After the Succession to the Crown Act has passed, it seems only logical that appropriate change should be made for hereditary peerages. The House of Commons Political and Constitutional Reform Committee’s 2011 report on the rules of succession to the Crown noted that the proposal to end the preferential treatment of men in the line of succession had been,

“widely welcomed, and with good reason”.

It also drew attention to holders of hereditary peerages, noting that,

“the way in which their titles are inherited, and its effect on the gender balance in Parliament, remain matters of public interest”.

My noble friend Lord Fellowes of West Stafford stated in a submission to the Hereditary Peerage Association in 2008:

“People will tell you how difficult it would be and how it would involve re-creating all the peerages from new. … When”—

in the 1700s—

“the Duke of Marlborough was needed for another campaign and his only son was dead, a bill was introduced into Parliament granting a new remainder allowing a unique form of female descent to the existing title, without recreating it”.

As we have heard, my noble friend Lord Fellowes has now approved what are essentially the contents of this Bill, based on the Marlborough precedent.

In the same submission, my noble friend Lord Fellowes touched on his concern that, if nothing is done in this sphere, European law may step in with a solution of its own. The noble Lord, Lord Pannick, surprisingly did not mention it, but as I understand it Section 14 of the Human Rights Act 1998 makes it now illegal to discriminate on the basis of sex, where both sexes may perform the function required. Discriminating against women solely on the basis of their sex is also illegal. The noble Lord, Lord Pannick, has also mentioned to me that, if a legitimate female issue, where the peerage would otherwise become extinct, referred a case to the European Court of Human Rights, they could well have a chance of success. The organisation called The Hares—I think I see a couple in the audience—may well pursue this route, or much worse could happen if Mr Corbyn gets into power. It is far less disruptive to peerages, in my view, to pre-empt such a referral by enacting this Bill. Will the Minister give the Government’s thoughts on the outcome of such a referral, and their reaction to it?

I can understand the logic of Clause 3, which would guarantee a batch of new Peeresses, making the peerage look refreshed and modern from the first moment of the change, as opposed to having to wait years for any alteration really to show, and 1952 seems a sensible date. It is striking that there are currently no women on the most recent register of hereditary Peers who have put themselves forward to be eligible as candidates for future by-elections. All the hereditary by-elections since 1999 have been won by men.

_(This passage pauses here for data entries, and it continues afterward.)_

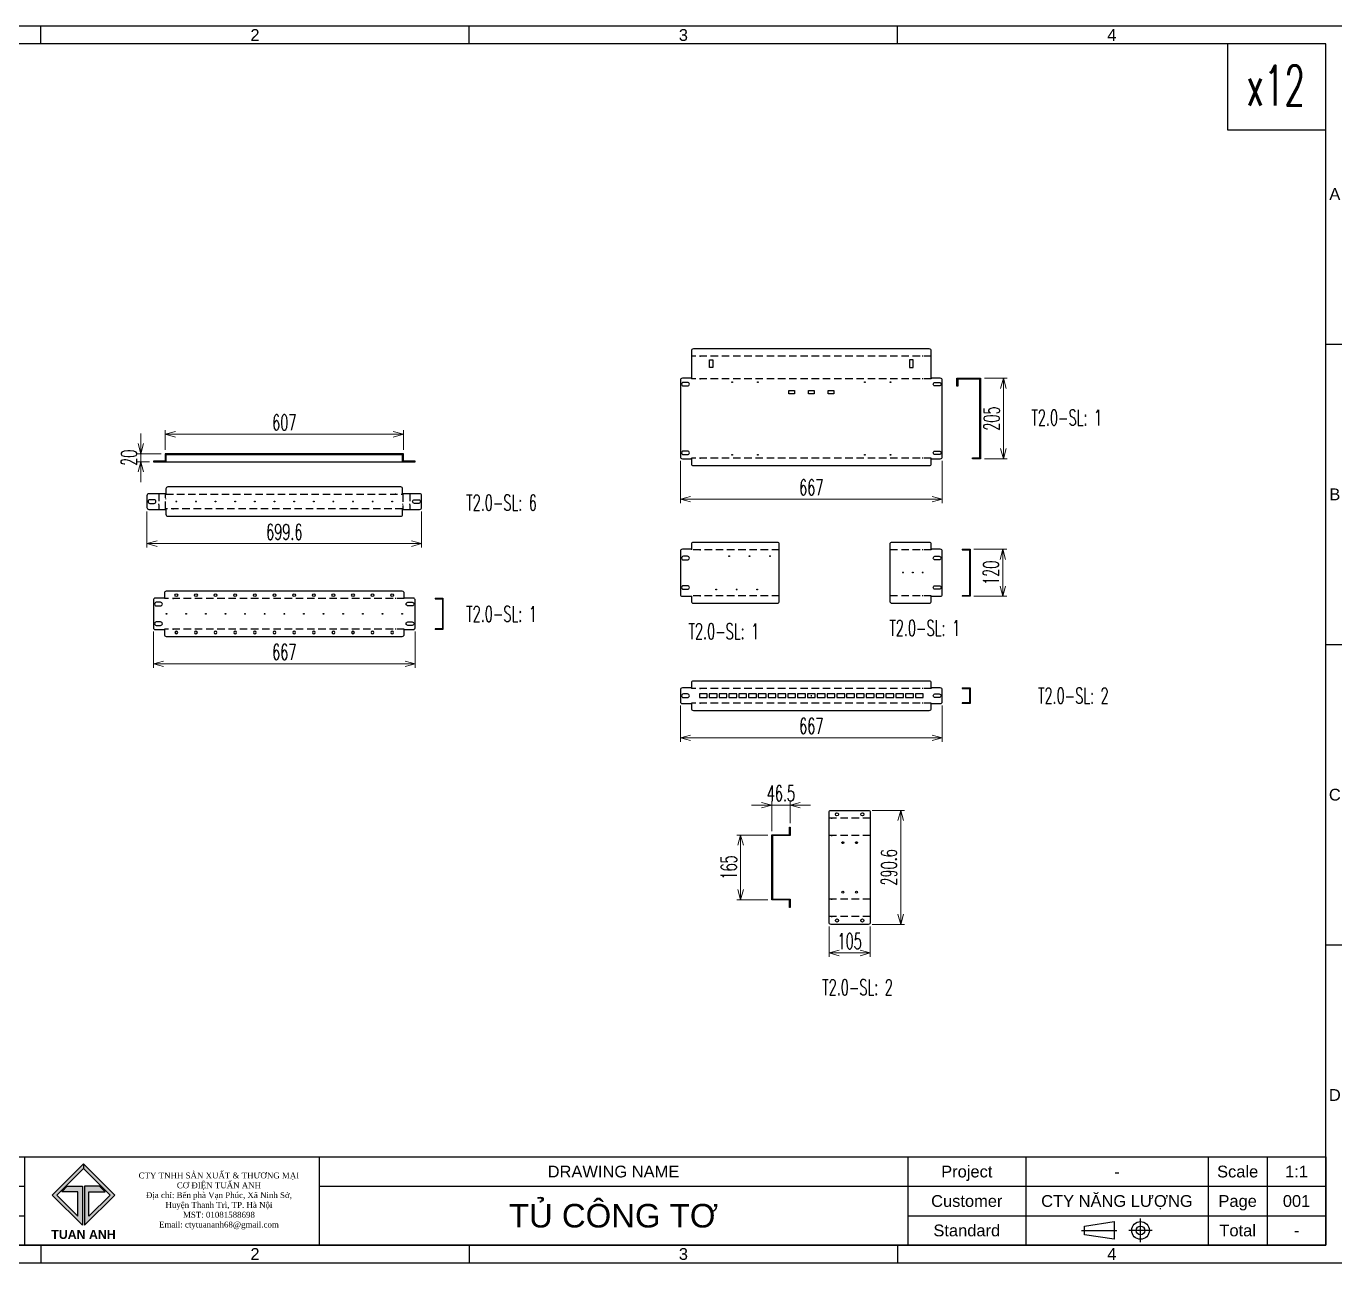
# Model space of a CAD drawing. Header units: millimetres. Extents: x -33730 to 17150, y -76829 to -27437.
# Drawn here: x 4884 to 8217, y -34348 to -31198 of the extents above; entities that cross this region are included whole.
import ezdxf
from ezdxf.enums import TextEntityAlignment as Align

# ---------------------------------------------------------------- set-up
doc = ezdxf.new("R2010")
doc.units = ezdxf.units.MM
doc.header["$LTSCALE"] = 3
doc.linetypes.add('HIDDEN', pattern=[9.525, 6.35, -3.175])
for name, color, linetype in [('@.HIDDEN', 8, 'HIDDEN'), ('@.TEXT', 7, 'Continuous'), ('@.VISIBLE', 7, 'Continuous'), ('dim', 7, 'Continuous')]:
    doc.layers.add(name, color=color, linetype=linetype)
doc.styles.add('Ann_w01', font='romans.shx', dxfattribs={"width": 0.6, "bigfont": 'chineset.shx'})
doc.styles.add('Arial', font='arial.ttf')
doc.dimstyles.new('Dim 01_SC20', dxfattribs={"dimscale": 20, "dimtxt": 2, "dimasz": 1.3, "dimexe": 0.5, "dimexo": 0.5, "dimgap": 0.5, "dimtad": 1, "dimdec": 1, "dimzin": 12, "dimdsep": 46, "dimtxsty": 'Ann_w01', "dimblk": 'OPEN30', "dimcen": 1.5, "dimclrd": 6, "dimclre": 6, "dimclrt": 3, "dimadec": 1, "dimazin": 3, "dimtm": 1e-09, "dimtfac": 1, "dimtdec": 1, "dimtix": 1, "dimtmove": 0, "dimatfit": 3, "dimldrblk": 'OPEN30', "dimfxl": 1, "dimtolj": 1, "dimlwd": 0, "dimlwe": 0, "dimarcsym": 0})

# ---------------------------------------------------------------- blocks, each defined once
blk = doc.blocks.new('Oval 20x9')
at = {"layer": '@.VISIBLE', "color": 2}
blk.add_lwpolyline([(-5.5, -4.5), (5.5, -4.5, 0.414214), (10, 0), (10, 0, 0.414214), (5.5, 4.5), (-5.5, 4.5, 0.414214), (-10, 0), (-10, 0, 0.414214)], format="xyb", close=True, dxfattribs=at)
blk = doc.blocks.new('_Open30')
at = {"color": 0, "linetype": 'ByBlock', "lineweight": -2}
for p, q in [((-1, 0.27), (0, 0)), ((0, 0), (-1, -0.27)), ((0, 0), (-1, 0))]:
    blk.add_line(p, q, dxfattribs=at)
blk = doc.blocks.new('*D2309')
at = {"layer": 'Defpoints', "color": 0, "transparency": 16777216}
for p in [(5191.7, -32423.6), (5891.3, -32423.6), (5191.7, -32515.7)]:
    blk.add_point(p, dxfattribs=at)
at = {"layer": 'dim', "color": 6, "lineweight": 0, "transparency": 16777216}
for p, q in [((5191.7, -32433.6), (5191.7, -32525.7)), ((5891.3, -32433.6), (5891.3, -32525.7)), ((5865.3, -32515.7), (5217.7, -32515.7))]:
    blk.add_line(p, q, dxfattribs=at)
at = {"layer": 'dim', "color": 6, "lineweight": 0, "transparency": 16777216, "xscale": 26, "yscale": 26, "zscale": 26, "rotation": 180}
blk.add_blockref('_Open30', (5191.7, -32515.7), dxfattribs=at)
at = {"layer": 'dim', "color": 6, "lineweight": 0, "transparency": 16777216, "xscale": 26, "yscale": 26, "zscale": 26}
blk.add_blockref('_Open30', (5891.3, -32515.7), dxfattribs=at)
at = {"layer": 'dim', "color": 3, "transparency": 16777216, "insert": (5541.5, -32485.7), "char_height": 40, "attachment_point": 5, "style": 'Ann_w01'}
blk.add_mtext('\\A1;699.6', dxfattribs=at)
blk = doc.blocks.new('*D2303')
at = {"layer": 'Defpoints', "color": 0, "transparency": 16777216}
for p in [(5845, -32237.1), (5238, -32287), (5845, -32287)]:
    blk.add_point(p, dxfattribs=at)
at = {"layer": 'dim', "color": 6, "lineweight": 0, "transparency": 16777216}
for p, q in [((5238, -32277), (5238, -32227.1)), ((5845, -32277), (5845, -32227.1)), ((5264, -32237.1), (5819, -32237.1))]:
    blk.add_line(p, q, dxfattribs=at)
at = {"layer": 'dim', "color": 6, "lineweight": 0, "transparency": 16777216, "xscale": 26, "yscale": 26, "zscale": 26, "rotation": 180}
blk.add_blockref('_Open30', (5238, -32237.1), dxfattribs=at)
at = {"layer": 'dim', "color": 6, "lineweight": 0, "transparency": 16777216, "xscale": 26, "yscale": 26, "zscale": 26}
blk.add_blockref('_Open30', (5845, -32237.1), dxfattribs=at)
at = {"layer": 'dim', "color": 3, "transparency": 16777216, "insert": (5541.5, -32207.1), "char_height": 40, "attachment_point": 5, "style": 'Ann_w01'}
blk.add_mtext('\\A1;607', dxfattribs=at)
blk = doc.blocks.new('*D2304')
at = {"layer": 'Defpoints', "color": 0, "transparency": 16777216}
for p in [(5176.1, -32287), (5238, -32287), (5208, -32307)]:
    blk.add_point(p, dxfattribs=at)
at = {"layer": 'dim', "color": 6, "lineweight": 0, "transparency": 16777216}
for p, q in [((5176.1, -32261), (5176.1, -32235)), ((5228, -32287), (5166.1, -32287)), ((5176.1, -32307), (5176.1, -32287)), ((5198, -32307), (5166.1, -32307)), ((5176.1, -32333), (5176.1, -32359))]:
    blk.add_line(p, q, dxfattribs=at)
at = {"layer": 'dim', "color": 6, "lineweight": 0, "transparency": 16777216, "xscale": 26, "yscale": 26, "zscale": 26}
for p, rotation in [((5176.1, -32287), 270), ((5176.1, -32307), 90)]:
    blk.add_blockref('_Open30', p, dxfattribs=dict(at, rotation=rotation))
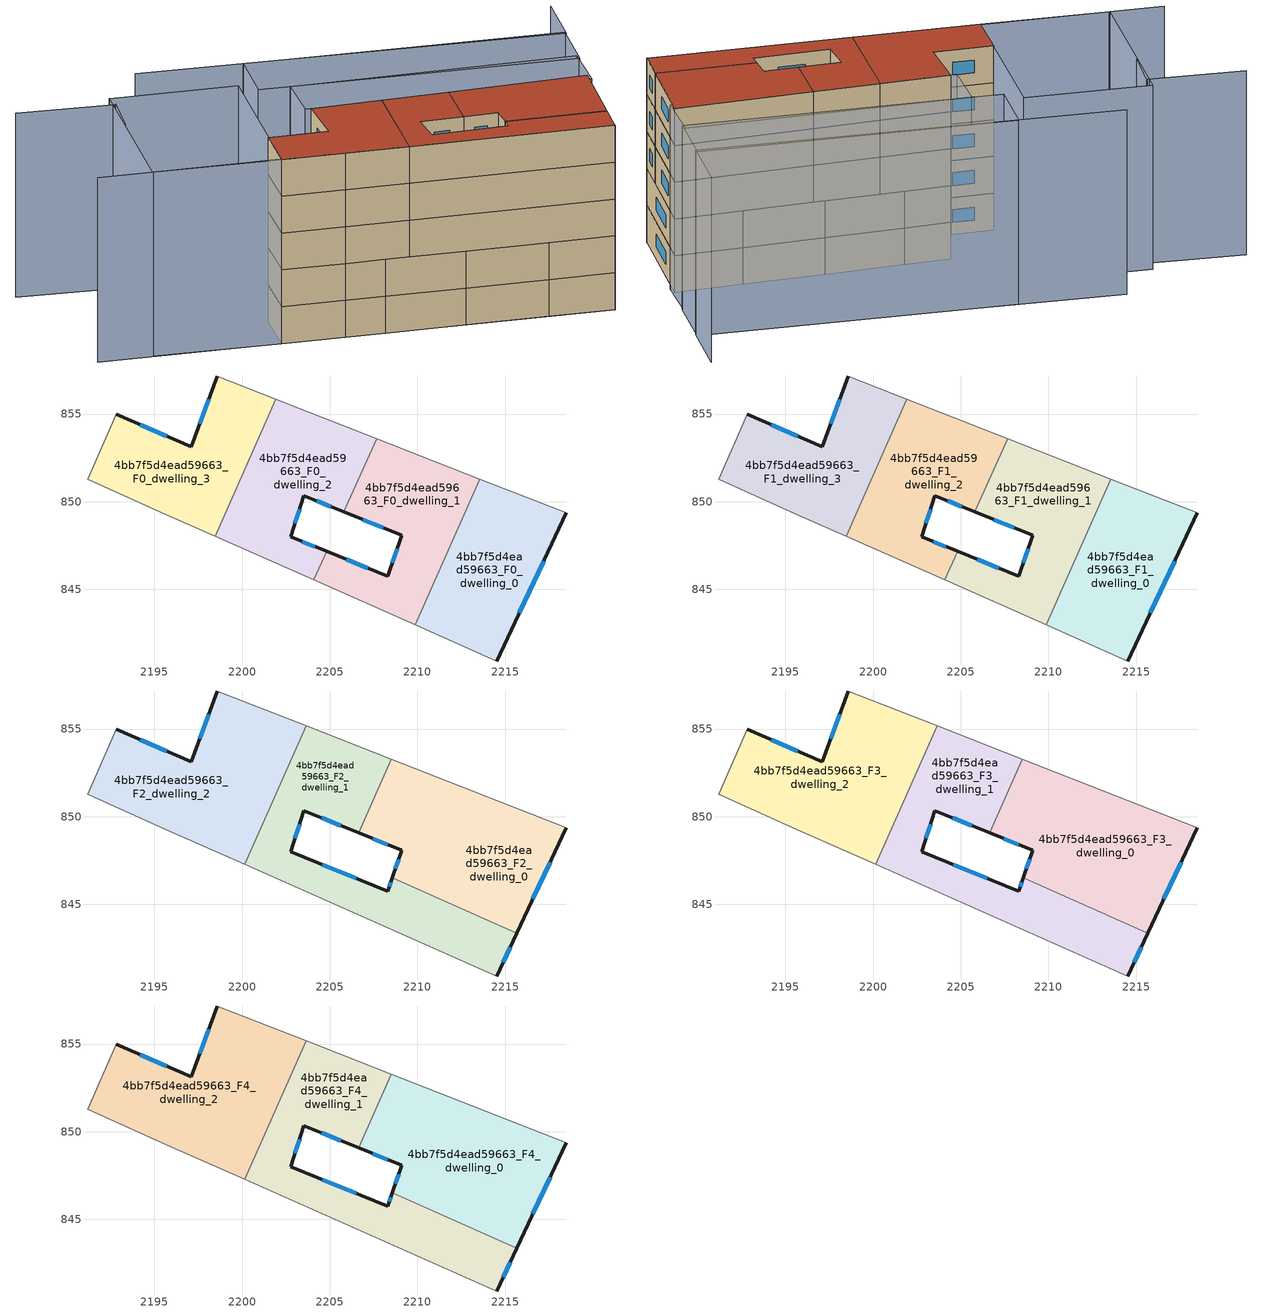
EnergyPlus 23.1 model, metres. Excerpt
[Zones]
4bb7f5d4ead59663_F0_dwelling_0
 floor ground (EU_floor_Construction): 2218.48,849.36 2214.52,840.92 2209.88,842.98 2213.56,851.29 z0
 wall outside (EU_wall_Construction): 2214.52,840.92 2218.48,849.36 z0:3
 wall to 4bb7f5d4ead59663_F0_dwelling_1 (EU_wall_Construction): 2213.56,851.29 2209.88,842.98 z0:3
 wall adiabatic (EU_wall_Construction): 2218.48,849.36 2213.56,851.29 / 2209.88,842.98 2214.52,840.92 z0:3
 window (EU_Window_Construction): 2215.81,843.66 2217.2,846.62 z0.98:2.02
4bb7f5d4ead59663_F0_dwelling_1
 floor ground (EU_floor_Construction): 2213.56,851.29 2209.88,842.98 2204.09,845.54 2204.81,847.17 2208.29,845.76 2209.11,848.08 2205.81,849.42 2207.66,853.61 z0
 wall outside (EU_wall_Construction): 2205.81,849.42 2209.11,848.08 2208.29,845.76 2204.81,847.17 z0:3
 wall to 4bb7f5d4ead59663_F0_dwelling_2 (EU_wall_Construction): 2204.81,847.17 2204.09,845.54 / 2207.66,853.61 2205.81,849.42 z0:3
 wall adiabatic (EU_wall_Construction): 2213.56,851.29 2207.66,853.61 / 2204.09,845.54 2209.88,842.98 z0:3
 window (EU_Window_Construction): 2207.16,846.22 2205.94,846.71 / 2208.85,847.33 2208.56,846.51 / 2206.88,848.98 2208.04,848.52 z0.98:2.02
4bb7f5d4ead59663_F0_dwelling_2
 floor ground (EU_floor_Construction): 2207.66,853.61 2205.81,849.42 2203.52,850.35 2202.76,848 2204.81,847.17 2204.09,845.54 2198.47,848.03 2201.93,855.86 z0
 wall outside (EU_wall_Construction): 2204.81,847.17 2202.76,848 2203.52,850.35 2205.81,849.42 z0:3
 wall adiabatic (EU_wall_Construction): 2198.47,848.03 2204.09,845.54 / 2207.66,853.61 2201.93,855.86 z0:3
 wall to 4bb7f5d4ead59663_F0_dwelling_3 (EU_wall_Construction): 2201.93,855.86 2198.47,848.03 z0:3
 window (EU_Window_Construction): 2203.01,848.76 2203.28,849.59 / 2204.15,847.44 2203.43,847.73 / 2204.27,850.05 2205.07,849.72 z0.98:2.02
4bb7f5d4ead59663_F0_dwelling_3
 floor ground (EU_floor_Construction): 2201.93,855.86 2198.47,848.03 2195.67,849.27 2191.2,851.29 2192.81,854.99 2197.09,853.13 2198.58,857.17 z0
 wall outside (EU_wall_Construction): 2198.58,857.17 2197.09,853.13 2192.81,854.99 z0:3
 wall adiabatic (EU_wall_Construction): 2201.93,855.86 2198.58,857.17 / 2192.81,854.99 2191.2,851.29 2195.67,849.27 2198.47,848.03 z0:3
 window (EU_Window_Construction): 2195.7,853.74 2194.2,854.39 / 2198.1,855.86 2197.58,854.44 z0.98:2.02
4bb7f5d4ead59663_F1_dwelling_0
 floor to 4bb7f5d4ead59663_F0_dwelling_0 (EU_floor_Construction): 2218.48,849.36 2214.52,840.92 2209.88,842.98 2213.56,851.29 z3
 wall outside (EU_wall_Construction): 2214.52,840.92 2218.48,849.36 z3:6
 wall to 4bb7f5d4ead59663_F1_dwelling_1 (EU_wall_Construction): 2213.56,851.29 2209.88,842.98 z3:6
 wall adiabatic (EU_wall_Construction): 2218.48,849.36 2213.56,851.29 / 2209.88,842.98 2214.52,840.92 z3:6
 window (EU_Window_Construction): 2215.81,843.66 2217.2,846.62 z3.98:5.02
4bb7f5d4ead59663_F1_dwelling_1
 floor to 4bb7f5d4ead59663_F0_dwelling_1 (EU_floor_Construction): 2213.56,851.29 2209.88,842.98 2204.09,845.54 2204.81,847.17 2208.29,845.76 2209.11,848.08 2205.81,849.42 2207.66,853.61 z3
 wall outside (EU_wall_Construction): 2205.81,849.42 2209.11,848.08 2208.29,845.76 2204.81,847.17 z3:6
 wall to 4bb7f5d4ead59663_F1_dwelling_2 (EU_wall_Construction): 2204.81,847.17 2204.09,845.54 / 2207.66,853.61 2205.81,849.42 z3:6
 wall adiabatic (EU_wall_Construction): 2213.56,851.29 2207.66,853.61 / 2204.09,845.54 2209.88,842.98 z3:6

As of now, only one Peer of the 92 hereditary Peers who were allowed to continue in 1999 is female.

I have two other issues to raise. I think that there should be an amendment extending the change to baronets, although I take the point made by my noble friend Lord Trefgarne about that being outside the Title of the Bill. I am not sure either about the principle in the Bill of excluding a very close relative such as a brother from inheriting a peerage. Ruling out cousins and distant relatives is fair enough as their expectations are never high, but a very close relation may be a step too far. As the noble Lord, Lord Fellowes, stated, family financial arrangements could be seriously disrupted. There could be an argument for an amendment extending the peerage succession to brothers—a modification of the semi-Salic system, although it has to be said that an heir presumptive has never had the security of an heir apparent.

But overall I welcome this Bill wholeheartedly. It would merely put peerage succession on to the same basis as the Crown used to be. I wish it a safe passage through the House.